In this way we a) Inform user that he can change interpolation to optimal values b) Keep default behavior intact

I've updated the transform code, it obviously fails at some tests since they are outdated, should I change them accordingly too ?

Pulling latest changes to your PR branch from master should resolve the issues

BloodAxe avatar May 01 '20 10:05 BloodAxe

Also be cool if we will provide url to this PR in warning message for more information.

Dipet avatar May 01 '20 10:05 Dipet

I think we should not rename or remove interpolation argument for backward compatibility. At this time our test failed for this reasons and for somebody will fail old pipelines.

I think we need to leave in place interpolation and add warning:

if interpolation is not None and down_interpolation is None and up_interpolation is None:
    down_interpolation = cv2.INTER_NEAREST
    up_interpolation = down_interpolation
    warnings.DeprecationWarning("Argument interpolations is deprecated. Please specify interpolation mode directly for downscale and upscale. ")

Dipet avatar May 01 '20 10:05 Dipet

We can keep back compibility if change down_interpolation and up_interpolation to interpolation=(cv2.INTER_AREA, cv2.INTER_NEAREST). And provide documentation about first and second interpolation.

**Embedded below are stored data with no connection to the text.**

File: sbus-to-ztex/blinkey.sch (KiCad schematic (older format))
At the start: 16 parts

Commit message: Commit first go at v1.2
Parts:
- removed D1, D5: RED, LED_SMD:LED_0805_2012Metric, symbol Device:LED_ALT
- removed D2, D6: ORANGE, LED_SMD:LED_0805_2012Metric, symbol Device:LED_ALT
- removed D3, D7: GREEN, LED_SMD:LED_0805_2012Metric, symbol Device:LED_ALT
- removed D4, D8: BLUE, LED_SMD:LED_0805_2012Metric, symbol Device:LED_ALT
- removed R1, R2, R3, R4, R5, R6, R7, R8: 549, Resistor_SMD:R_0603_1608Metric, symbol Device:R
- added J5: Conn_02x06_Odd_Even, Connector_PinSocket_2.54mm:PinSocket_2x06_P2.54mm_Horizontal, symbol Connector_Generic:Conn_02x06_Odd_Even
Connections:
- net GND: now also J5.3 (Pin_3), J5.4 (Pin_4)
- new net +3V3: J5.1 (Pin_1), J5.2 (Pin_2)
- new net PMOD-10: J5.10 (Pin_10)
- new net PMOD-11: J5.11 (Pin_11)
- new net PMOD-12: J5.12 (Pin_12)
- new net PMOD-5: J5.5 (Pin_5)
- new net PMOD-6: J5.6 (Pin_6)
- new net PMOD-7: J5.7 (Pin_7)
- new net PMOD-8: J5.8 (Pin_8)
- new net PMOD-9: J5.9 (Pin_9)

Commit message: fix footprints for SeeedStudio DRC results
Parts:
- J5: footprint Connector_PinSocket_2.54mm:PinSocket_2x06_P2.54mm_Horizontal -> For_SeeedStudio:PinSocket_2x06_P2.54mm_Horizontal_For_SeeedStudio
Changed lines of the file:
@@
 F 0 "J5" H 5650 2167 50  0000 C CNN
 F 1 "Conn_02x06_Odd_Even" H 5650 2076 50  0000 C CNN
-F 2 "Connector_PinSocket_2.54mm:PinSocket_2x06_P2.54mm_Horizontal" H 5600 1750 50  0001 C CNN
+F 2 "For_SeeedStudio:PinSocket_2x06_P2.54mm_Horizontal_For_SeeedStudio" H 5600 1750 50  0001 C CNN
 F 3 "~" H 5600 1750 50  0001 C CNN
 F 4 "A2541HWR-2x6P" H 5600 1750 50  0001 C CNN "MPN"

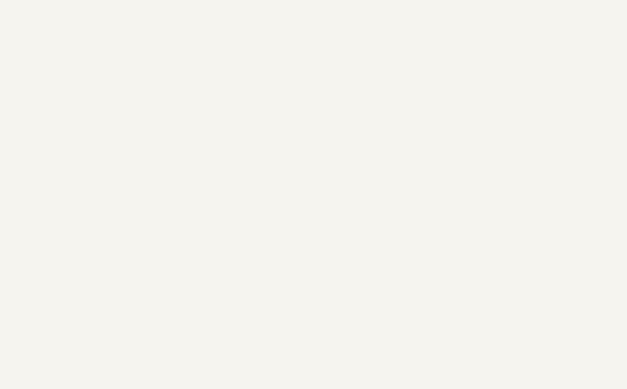
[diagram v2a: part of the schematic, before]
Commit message: update some MPN w/ SeeedStudio replacement
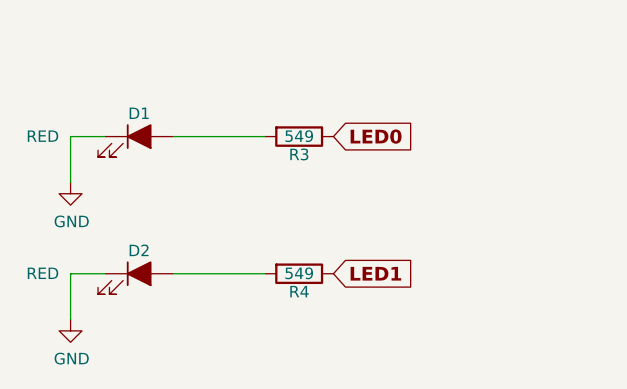
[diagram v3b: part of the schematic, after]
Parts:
- added D1, D2: RED, LED_SMD:LED_0805_2012Metric, symbol Device:LED_ALT
- added R3, R4: 549, Resistor_SMD:R_0603_1608Metric, symbol Device:R
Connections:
- net GND: now also D1.1 (K), D2.1 (K)
- new net: D1.2 (A), R3.2
- new net: D2.2 (A), R4.2
- new net LED0: R3.1
- new net LED1: R4.1
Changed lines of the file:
@@
 Text GLabel 5400 2050 0    50   Input ~ 0
 PMOD-11
+Wire Wire Line
+	2000 1800 1850 1800
+Wire Wire Line
+	1850 1800 1850 2000
+Wire Wire Line
+	2300 1800 2700 1800
+$Comp
+L Device:R R3
+U 1 1 60DF1D6E
+P 2850 1800
+AR Path="/5F6B165A/60DF1D6E" Ref="R3"  Part="1"
+AR Path="/5F67E4B9/60DF1D6E" Ref="R?"  Part="1"
+F 0 "R3" V 2930 1800 50  0000 C CNN
+F 1 "549" V 2850 1800 50  0000 C CNN
+F 2 "Resistor_SMD:R_0603_1608Metric" V 2780 1800 50  0001 C CNN
+F 3 "" H 2850 1800 50  0000 C CNN
+F 4 "0603WAF5490T5E" V 2850 1800 50  0001 C CNN "MPN"
+	1    2850 1800
+	0    1    1    0
+$EndComp
+$Comp
+L Device:LED_ALT D1
+U 1 1 60DF1D7F
+P 2150 1800
+AR Path="/5F6B165A/60DF1D7F" Ref="D1"  Part="1"
+AR Path="/5F67E4B9/60DF1D7F" Ref="D?"  Part="1"
+F 0 "D1" H 2150 1900 50  0000 C CNN
+F 1 "RED" H 1800 1800 50  0000 R CNN
+F 2 "LED_SMD:LED_0805_2012Metric" H 2150 1800 50  0001 C CNN
+F 3 "https://optoelectronics.liteon.com/upload/download/DS-22-99-0150/LTST-C170KRKT.pdf" H 2150 1800 50  0001 C CNN
+F 4 "www.liteon.com" H 2150 1800 60  0001 C CNN "MNF1_URL"
+F 5 "LTST-C170KRKT" H 2150 1800 60  0001 C CNN "MPN"
+F 6 "859-LTST-C170KRKT" H 2150 1800 60  0001 C CNN "Mouser"
+F 7 "743-IN-S85ATR" H 2150 1800 50  0001 C CNN "Mouse_r2"
+F 8 "160-1415-1-ND" H 2150 1800 50  0001 C CNN "Digikey"
+F 9 "C94868" H 2150 1800 50  0001 C CNN "LCSC"
+F 10 "0.0195$" H 2150 1800 50  0001 C CNN "price400_LCSC"
+F 11 "FV007" H 2150 1800 50  0001 C CNN "Koncar"
+F 12 "TB" H 2150 1800 50  0001 C CNN "Side"
+	1    2150 1800
+	1    0    0    -1
+$EndComp
+$Comp
+L power:GND #PWR0134
+U 1 1 60DF1D86
+P 1850 2000
+F 0 "#PWR0134" H 1850 1750 50  0001 C CNN
+F 1 "GND" H 1855 1827 50  0000 C CNN
+F 2 "" H 1850 2000 50  0001 C CNN
+F 3 "" H 1850 2000 50  0001 C CNN
+	1    1850 2000
+	1    0    0    -1
+$EndComp
+Text GLabel 3000 1800 2    60   Input ~ 12
+LED0
+Wire Wire Line
+	2000 2400 1850 2400
+Wire Wire Line
+	1850 2400 1850 2600
+Wire Wire Line
+	2300 2400 2700 2400
+$Comp
+L Device:R R4
+U 1 1 60DF1E35
+P 2850 2400
+AR Path="/5F6B165A/60DF1E35" Ref="R4"  Part="1"
+AR Path="/5F67E4B9/60DF1E35" Ref="R?"  Part="1"
+F 0 "R4" V 2930 2400 50  0000 C CNN
+F 1 "549" V 2850 2400 50  0000 C CNN
+F 2 "Resistor_SMD:R_0603_1608Metric" V 2780 2400 50  0001 C CNN
+F 3 "" H 2850 2400 50  0000 C CNN
+F 4 "0603WAF5490T5E" V 2850 2400 50  0001 C CNN "MPN"
+	1    2850 2400
+	0    1    1    0
+$EndComp
+$Comp
+L Device:LED_ALT D2
+U 1 1 60DF1E46
+P 2150 2400
+AR Path="/5F6B165A/60DF1E46" Ref="D2"  Part="1"
+AR Path="/5F67E4B9/60DF1E46" Ref="D?"  Part="1"
+F 0 "D2" H 2150 2500 50  0000 C CNN
+F 1 "RED" H 1800 2400 50  0000 R CNN
+F 2 "LED_SMD:LED_0805_2012Metric" H 2150 2400 50  0001 C CNN
+F 3 "https://optoelectronics.liteon.com/upload/download/DS-22-99-0150/LTST-C170KRKT.pdf" H 2150 2400 50  0001 C CNN
+F 4 "www.liteon.com" H 2150 2400 60  0001 C CNN "MNF1_URL"
+F 5 "LTST-C170KRKT" H 2150 2400 60  0001 C CNN "MPN"
+F 6 "859-LTST-C170KRKT" H 2150 2400 60  0001 C CNN "Mouser"
+F 7 "743-IN-S85ATR" H 2150 2400 50  0001 C CNN "Mouse_r2"
+F 8 "160-1415-1-ND" H 2150 2400 50  0001 C CNN "Digikey"
+F 9 "C94868" H 2150 2400 50  0001 C CNN "LCSC"
+F 10 "0.0195$" H 2150 2400 50  0001 C CNN "price400_LCSC"
+F 11 "FV007" H 2150 2400 50  0001 C CNN "Koncar"
+F 12 "TB" H 2150 2400 50  0001 C CNN "Side"
+	1    2150 2400
+	1    0    0    -1
+$EndComp
+$Comp
+L power:GND #PWR0135
+U 1 1 60DF1E4D
+P 1850 2600
+F 0 "#PWR0135" H 1850 2350 50  0001 C CNN
+F 1 "GND" H 1855 2427 50  0000 C CNN
+F 2 "" H 1850 2600 50  0001 C CNN
+F 3 "" H 1850 2600 50  0001 C CNN
+	1    1850 2600
+	1    0    0    -1
+$EndComp
+Text GLabel 3000 2400 2    60   Input ~ 12
+LED1
 $EndSCHEMATC

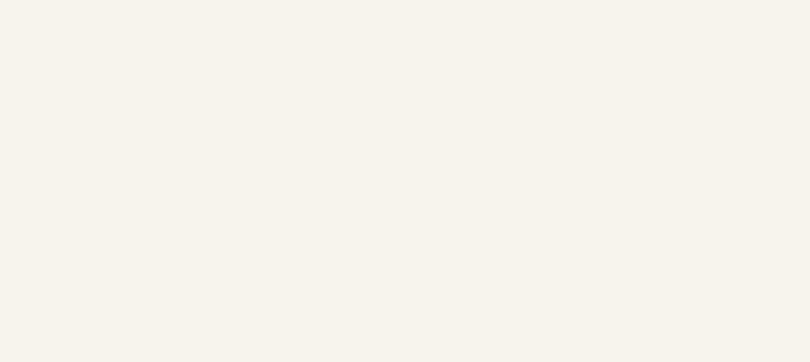
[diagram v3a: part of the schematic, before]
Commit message: add a pwr header (for e.g. non-pwm fan)
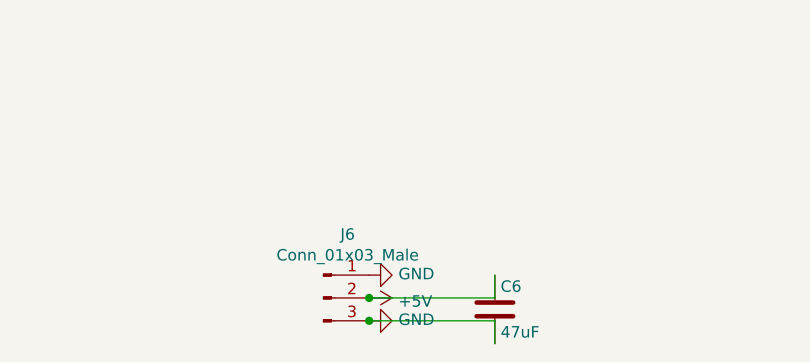
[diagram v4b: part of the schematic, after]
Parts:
- added C6: 47uF, Capacitor_SMD:C_0805_2012Metric, symbol Device:C
- added J6: Conn_01x03_Male, Connector_Molex:Molex_KK-254_AE-6410-03A_1x03_P2.54mm_Vertical, symbol Connector:Conn_01x03_Male
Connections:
- net GND: now also C6.2, J6.1 (Pin_1), J6.3 (Pin_3)
- new net +5V: C6.1, J6.2 (Pin_2)
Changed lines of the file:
@@
 Text GLabel 3000 2400 2    60   Input ~ 12
 LED1
+$Comp
+L Connector:Conn_01x03_Male J6
+U 1 1 60E1E49E
+P 4400 4750
+F 0 "J6" H 4506 5028 50  0000 C CNN
+F 1 "Conn_01x03_Male" H 4506 4937 50  0000 C CNN
+F 2 "Connector_Molex:Molex_KK-254_AE-6410-03A_1x03_P2.54mm_Vertical" H 4400 4750 50  0001 C CNN
+F 3 "~" H 4400 4750 50  0001 C CNN
+	1    4400 4750
+	1    0    0    -1
+$EndComp
+$Comp
+L power:GND #PWR0136
+U 1 1 60E1EC2C
+P 4600 4650
+F 0 "#PWR0136" H 4600 4400 50  0001 C CNN
+F 1 "GND" V 4605 4522 50  0000 R CNN
+F 2 "" H 4600 4650 50  0001 C CNN
+F 3 "" H 4600 4650 50  0001 C CNN
+	1    4600 4650
+	0    -1   -1   0
+$EndComp
+$Comp
+L power:+5V #PWR0137
+U 1 1 60E1ED6C
+P 4600 4750
+F 0 "#PWR0137" H 4600 4600 50  0001 C CNN
+F 1 "+5V" V 4615 4878 50  0000 L CNN
+F 2 "" H 4600 4750 50  0001 C CNN
+F 3 "" H 4600 4750 50  0001 C CNN
+	1    4600 4750
+	0    1    1    0
+$EndComp
+$Comp
+L power:GND #PWR0138
+U 1 1 60E1FA97
+P 4600 4850
+F 0 "#PWR0138" H 4600 4600 50  0001 C CNN
+F 1 "GND" V 4605 4722 50  0000 R CNN
+F 2 "" H 4600 4850 50  0001 C CNN
+F 3 "" H 4600 4850 50  0001 C CNN
+	1    4600 4850
+	0    -1   -1   0
+$EndComp
+$Comp
+L Device:C C?
+U 1 1 60E24715
+P 5150 4800
+AR Path="/5F69F4EF/60E24715" Ref="C?"  Part="1"
+AR Path="/5F6B165A/60E24715" Ref="C6"  Part="1"
+F 0 "C6" H 5175 4900 50  0000 L CNN
+F 1 "47uF" H 5175 4700 50  0000 L CNN
+F 2 "Capacitor_SMD:C_0805_2012Metric" H 5188 4650 50  0001 C CNN
+F 3 "" H 5150 4800 50  0000 C CNN
+F 4 "GRM21BR60J476ME15L" H 5150 4800 50  0001 C CNN "MPN"
+	1    5150 4800
+	1    0    0    -1
+$EndComp
+Wire Wire Line
+	4600 4750 5150 4750
+Wire Wire Line
+	5150 4750 5150 4650
+Connection ~ 4600 4750
+Wire Wire Line
+	4600 4850 5150 4850
+Wire Wire Line
+	5150 4850 5150 4950
+Connection ~ 4600 4850
 $EndSCHEMATC

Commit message: more up-to-date
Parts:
- J6: MPN (none) -> 640456-3; MPN-ALT (none) -> 22-27-2031; Manufacturer (none) -> TE Connectivity; Manufacturer-ALT (none) -> Molex; URL-ALT (none) -> https://www.mouser.fr/ProductDetail/Molex/22-27-2031?qs=%2F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
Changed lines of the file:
@@
 F 2 "Connector_Molex:Molex_KK-254_AE-6410-03A_1x03_P2.54mm_Vertical" H 4400 4750 50  0001 C CNN
 F 3 "~" H 4400 4750 50  0001 C CNN
+F 4 "22-27-2031" H 4400 4750 50  0001 C CNN "MPN-ALT"
+F 5 "Molex" H 4400 4750 50  0001 C CNN "Manufacturer-ALT"
+F 6 "https://www.mouser.fr/ProductDetail/Molex/22-27-2031?qs=%2Fha2pyFadugXOaGYK9vaczm7nZ04txhJn3OGcnGWT3U=" H 4400 4750 50  0001 C CNN "URL-ALT"
+F 7 "640456-3" H 4400 4750 50  0001 C CNN "MPN"
+F 8 "TE Connectivity" H 4400 4750 50  0001 C CNN "Manufacturer"
 	1    4400 4750
 	1    0    0    -1

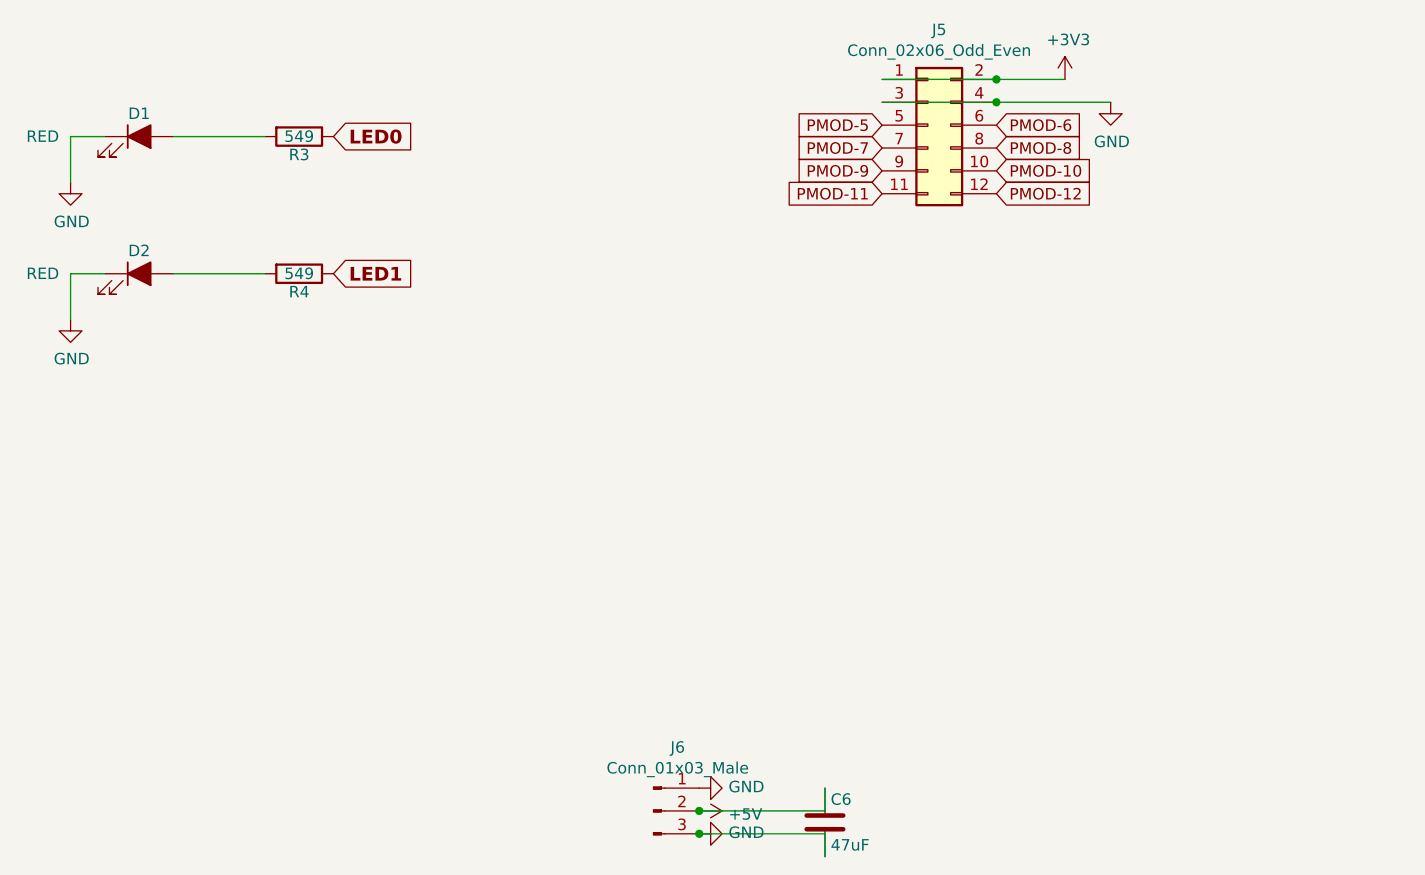
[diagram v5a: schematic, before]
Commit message: Fewer LEDs, more interrupts, replace USB VBus power chip by something that might be available..., update signals file
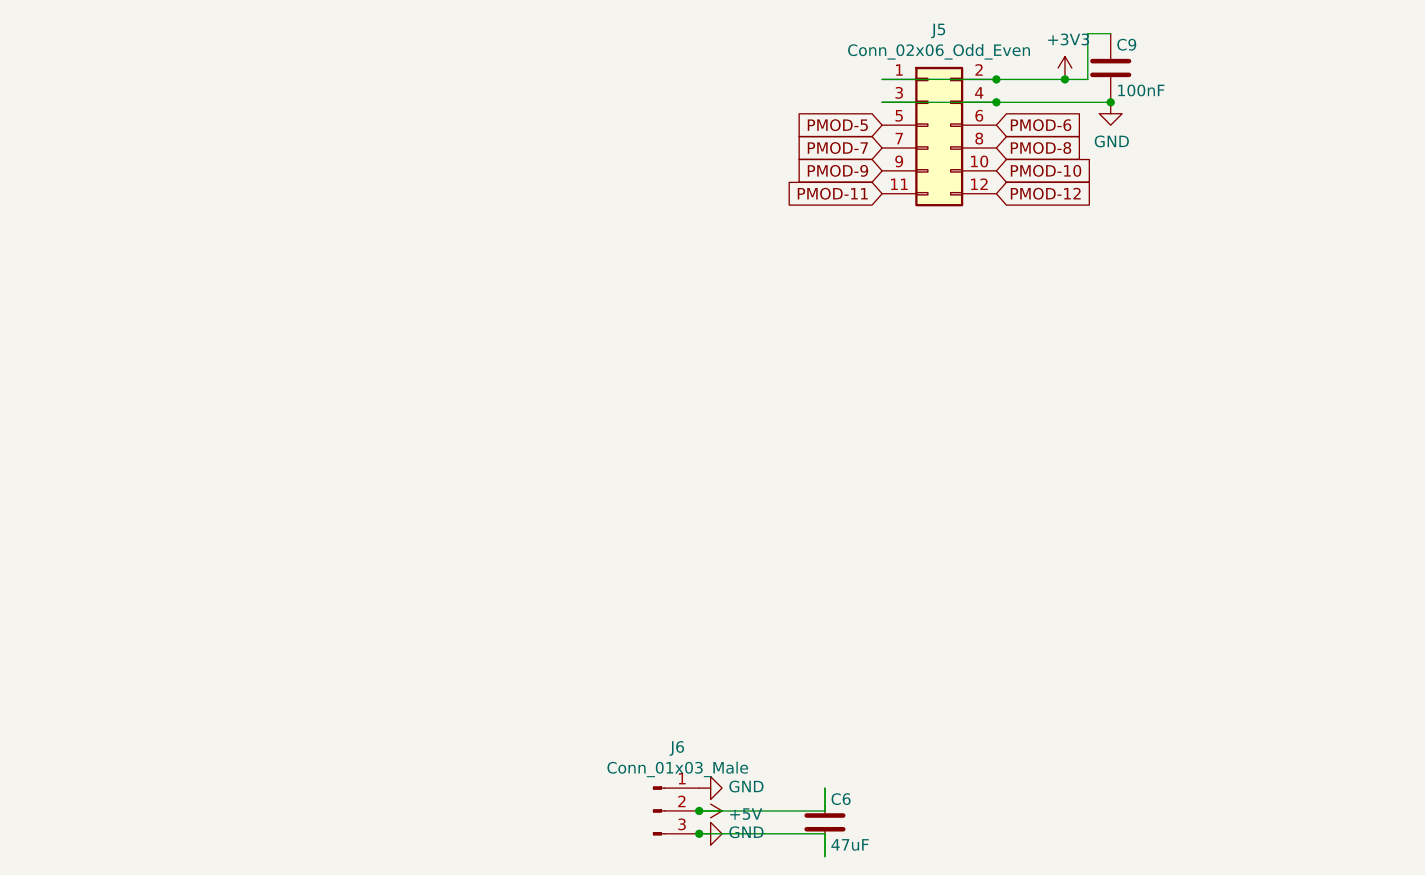
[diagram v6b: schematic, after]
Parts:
- removed D1, D2: RED, LED_SMD:LED_0805_2012Metric, symbol Device:LED_ALT
- removed R3, R4: 549, Resistor_SMD:R_0603_1608Metric, symbol Device:R
- added C9: 100nF, Capacitor_SMD:C_0603_1608Metric, symbol Device:C
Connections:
- net +3V3: now also C9.1
- net GND: now also C9.2
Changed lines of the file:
@@
 Text GLabel 5400 2050 0    50   Input ~ 0
 PMOD-11
-Wire Wire Line
-	2000 1800 1850 1800
-Wire Wire Line
-	1850 1800 1850 2000
-Wire Wire Line
-	2300 1800 2700 1800
-$Comp
-L Device:R R3
-U 1 1 60DF1D6E
-P 2850 1800
-AR Path="/5F6B165A/60DF1D6E" Ref="R3"  Part="1"
-AR Path="/5F67E4B9/60DF1D6E" Ref="R?"  Part="1"
-F 0 "R3" V 2930 1800 50  0000 C CNN
-F 1 "549" V 2850 1800 50  0000 C CNN
-F 2 "Resistor_SMD:R_0603_1608Metric" V 2780 1800 50  0001 C CNN
-F 3 "" H 2850 1800 50  0000 C CNN
-F 4 "0603WAF5490T5E" V 2850 1800 50  0001 C CNN "MPN"
-	1    2850 1800
-	0    1    1    0
-$EndComp
-$Comp
-L Device:LED_ALT D1
-U 1 1 60DF1D7F
-P 2150 1800
-AR Path="/5F6B165A/60DF1D7F" Ref="D1"  Part="1"
-AR Path="/5F67E4B9/60DF1D7F" Ref="D?"  Part="1"
-F 0 "D1" H 2150 1900 50  0000 C CNN
-F 1 "RED" H 1800 1800 50  0000 R CNN
-F 2 "LED_SMD:LED_0805_2012Metric" H 2150 1800 50  0001 C CNN
-F 3 "https://optoelectronics.liteon.com/upload/download/DS-22-99-0150/LTST-C170KRKT.pdf" H 2150 1800 50  0001 C CNN
-F 4 "www.liteon.com" H 2150 1800 60  0001 C CNN "MNF1_URL"
-F 5 "LTST-C170KRKT" H 2150 1800 60  0001 C CNN "MPN"
-F 6 "859-LTST-C170KRKT" H 2150 1800 60  0001 C CNN "Mouser"
-F 7 "743-IN-S85ATR" H 2150 1800 50  0001 C CNN "Mouse_r2"
-F 8 "160-1415-1-ND" H 2150 1800 50  0001 C CNN "Digikey"
-F 9 "C94868" H 2150 1800 50  0001 C CNN "LCSC"
-F 10 "0.0195$" H 2150 1800 50  0001 C CNN "price400_LCSC"
-F 11 "FV007" H 2150 1800 50  0001 C CNN "Koncar"
-F 12 "TB" H 2150 1800 50  0001 C CNN "Side"
-	1    2150 1800
-	1    0    0    -1
-$EndComp
-$Comp
-L power:GND #PWR0134
-U 1 1 60DF1D86
-P 1850 2000
-F 0 "#PWR0134" H 1850 1750 50  0001 C CNN
-F 1 "GND" H 1855 1827 50  0000 C CNN
-F 2 "" H 1850 2000 50  0001 C CNN
-F 3 "" H 1850 2000 50  0001 C CNN
-	1    1850 2000
-	1    0    0    -1
-$EndComp
-Text GLabel 3000 1800 2    60   Input ~ 12
-LED0
-Wire Wire Line
-	2000 2400 1850 2400
-Wire Wire Line
-	1850 2400 1850 2600
-Wire Wire Line
-	2300 2400 2700 2400
-$Comp
-L Device:R R4
-U 1 1 60DF1E35
-P 2850 2400
-AR Path="/5F6B165A/60DF1E35" Ref="R4"  Part="1"
-AR Path="/5F67E4B9/60DF1E35" Ref="R?"  Part="1"
-F 0 "R4" V 2930 2400 50  0000 C CNN
-F 1 "549" V 2850 2400 50  0000 C CNN
-F 2 "Resistor_SMD:R_0603_1608Metric" V 2780 2400 50  0001 C CNN
-F 3 "" H 2850 2400 50  0000 C CNN
-F 4 "0603WAF5490T5E" V 2850 2400 50  0001 C CNN "MPN"
-	1    2850 2400
-	0    1    1    0
-$EndComp
-$Comp
-L Device:LED_ALT D2
-U 1 1 60DF1E46
-P 2150 2400
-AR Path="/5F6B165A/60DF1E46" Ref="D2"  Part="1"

MichaelMonashev avatar May 01 '20 10:05 MichaelMonashev

Yes, I agree with @MichaelMonashev If we will use interpolation as tuple we are will avoid all this problems. For such case we can use this checks:

if interpolation is None:
    self.down_interpolation, self.up_interpolation = cv2.INTER_NEAREST, cv2.INTER_NEAREST
    warnings.warn("Using default interpolation INTER_NEAREST, which is sub-optimal."
                  "Please specify interpolation mode for downscale and upscale explicitly."
                  "For additional information see this PR https://github.com/albumentations-team/albumentations/pull/584")
elif isinstance(interpolation, int):
    self.down_interpolation, self.up_interpolation = interpolation, interpolation
else:
    self.down_interpolation, self.up_interpolatio = interpolation

Dipet avatar May 01 '20 11:05 Dipet

Hi ! Sorry for the delay,

I've added the interpolation argument as a tuple, tell me what you think about it.